The Uber SSH Certificate Authority & PAM-USSH Module

At Uber, we needed something that was interoperable with our existing authorization protocols and could support issuing both user and host certificates. Nothing like this existed on the market, so we decided to write our own. We wrote it in go because it has the best ssh library support, including native support for certificates. The final solution became the Uber SSH Certificate Authority (USSHCA).

SSH certificates are great for authenticating a user at a single point in time, namely when they first access a given machine. After that point, however, even if a certificate expires, the login session will remain active. To resolve this problem, we also wrote a pam module which can authenticate a user based on the continued validity of a user’s SSH certificate. Today, we’re making this module available to the security community for free here:

How it Works

USSHCA issues ssh certificates to authenticated Uber employees. The certificate lifespan as well as where/how the certificates can be used are configurable on a per-user or per-group basis. Because the CA supports pam(8), additional auth options are possible including ldap/AD/Duo/local password, etc. as well as pubkey auth or even no-auth.

An employee gets a ussh certificate when they run the ussh command. This connects to the USSHCA, performs the pam conversation and forwards the client’s ssh agent to the CA. If the client successfully authenticates, the CA generates a new ssh key, populates the associated cert with the configured information (validity period, the user it’s valid for, the options permitted, etc.) and adds both the key and the certificate to the remote agent. The certificates are added to the agent with a timeout telling the agent to remove the keys when the certificate expires.

In reality, almost no one runs ussh directly. If the ussh command is given any arguments, it executes the equivalent of ‘ssh argv[1:]’. So through the power of a centrally managed ssh_config, all of this happens automatically when a user tries to connect to an uber host and they don’t have a valid cert.

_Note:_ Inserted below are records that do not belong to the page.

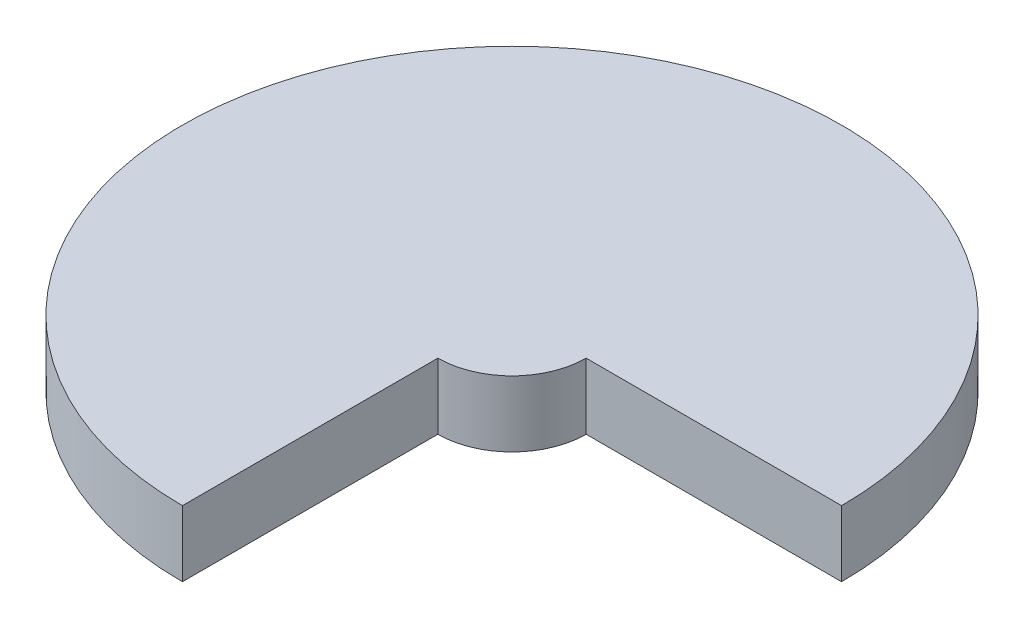
SolidWorks part; units mm, degrees
ref_plane "Front Plane" through (0, 0, 0) normal (0, 0, 1) x (1, 0, 0)
ref_plane "Top Plane" through (0, 0, 0) normal (0, 1, 0) x (1, 0, 0)
ref_plane "Right Plane" through (0, 0, 0) normal (1, 0, 0) x (0, 0, -1)
sketch "Sketch1" plane through (0, 0, 0) normal (0, 1, 0) x (1, 0, 0)
  line L0 (100, 0) -> (22.5, 0)
  line L1 (0, -22.5) -> (0, -100)
  arc A0 (100, 0) -> (0, -100) centre (0, 0) ccw
  arc A1 (0, -22.5) -> (22.5, 0) centre (0, 0) ccw
  dimension "D1" = 200
  dimension "D2" = 45
extrude "Boss-Extrude1" add sketch "Sketch1" along normal blind 20

Host Certificates are Critical

The metadata for ssh certificates also includes a list of valid principals. For user certificates, valid principals are the users or groups for whom the certificate is valid. For host certs, they are the hostnames for which a certificate is accepted. Including these in certificates provides the following features:

  1. Load balanced SSH connections: Host certs allow multiple hosts to share a principal without needing to share the same private key. Prior to host certs, if two hosts had different keys but the same hostname, clients would error when connecting to the second host.
  2. Confident authentication: You can avoid flooding users with “can’t verify host key” warnings that ssh clients display when connecting to a host for the first time. Since the client is validating the signature and not the underlying host key, it doesn’t matter that the host hasn’t been seen before. Furthermore, when a host cert is validated, the host key isn’t saved.
  3. Prevent error messages: Using host certs prevents “host key has changed” errors after reinstalling a host. Prior to certificates, re-installation typically meant regenerating hostkeys. This meant that anyone connecting to a host after re-installation would be presented with an SSH error about changing host keys.

The last two features are particularly important for an enterprise security team. When connecting to production or development infrastructure from authorized machines, employees don’t see host key warnings. If they do, they immediately know something is wrong and can report it to the security team for investigation.

Moving Forward

We’re already moving toward cert revocation and experimenting with different key types. RSA is universally supported across the industry, but some newer crypto is more cost effective to generate and verify. USSHCA already supports newer key types and we look forward to collaborating with the community on future developments.